* _WORK INSTRUCTIONS_
Wherever "part" appears in a line of the listing, that line should be returned.

-- AVAILABLE DATA follows --

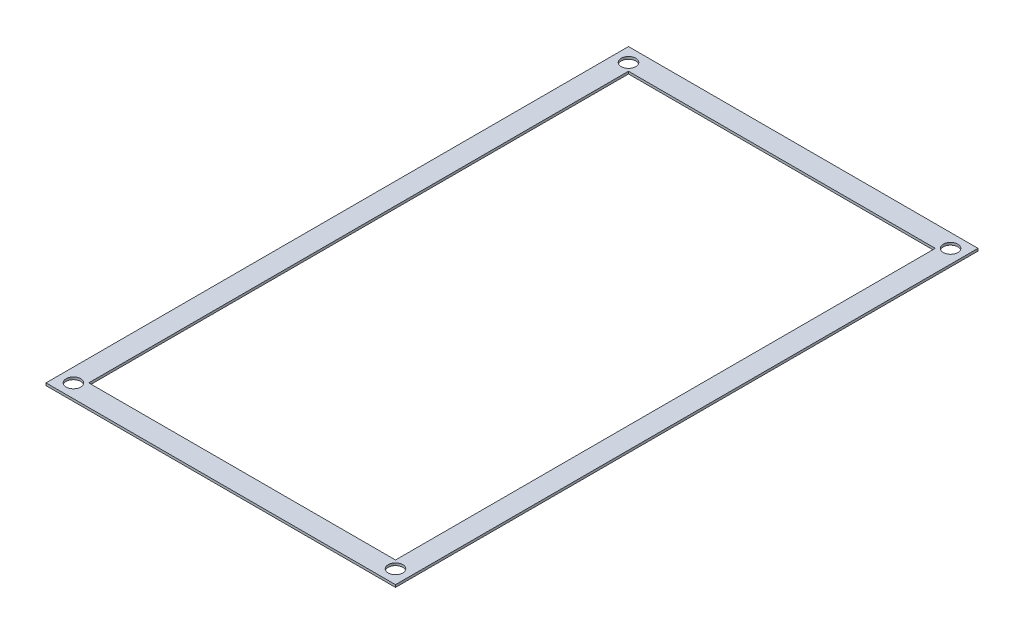
from build123d import *

# Parameters (mm, degrees)
SKETCH3_R           = 0.75
BOSS_EXTRUDE1_DEPTH = 0.25
SKETCH4_W           = 31.6
SKETCH4_H           = 55.6
CUT_EXTRUDE1_DEPTH  = 10


with BuildPart() as part:
    # Sketch3 → Boss-Extrude1 (new body)
    with BuildSketch(Plane(origin=(0, 0, 0), x_dir=(1, 0, 0), z_dir=(0, 1, 0))):
        Polygon((-18, 35.809268437), (-18, 26), (-18, -14.381463126), (-18, -24.190731563), (-8.190731563, -24.190731563), (8.190731563, -24.190731563), (18, -24.190731563), (18, -14.381463126), (18, 26), (18, 35.809268437), (8.190731563, 35.809268437), (-8.190731563, 35.809268437), align=None)
        with Locations((-16.585786438, -22.776518001)):
            Circle(SKETCH3_R, mode=Mode.SUBTRACT)
        with Locations((16.585786438, -22.776518001)):
            Circle(SKETCH3_R, mode=Mode.SUBTRACT)
        with Locations((-16.585786438, 34.395054875)):
            Circle(SKETCH3_R, mode=Mode.SUBTRACT)
        with Locations((16.585786438, 34.395054875)):
            Circle(SKETCH3_R, mode=Mode.SUBTRACT)
    extrude(amount=BOSS_EXTRUDE1_DEPTH)

    # Sketch4 → Cut-Extrude1 (cut)
    with BuildSketch(Plane(origin=(0, 0.25, 0), x_dir=(1, 0, 0), z_dir=(0, 1, 0))):
        with Locations((0, 5.809268437)):
            Rectangle(SKETCH4_W, SKETCH4_H)
    extrude(amount=-CUT_EXTRUDE1_DEPTH, mode=Mode.SUBTRACT)


solid = part.part

-- AVAILABLE DATA concluded --

* _EXERCISE OUTPUT_
with BuildPart() as part:
solid = part.part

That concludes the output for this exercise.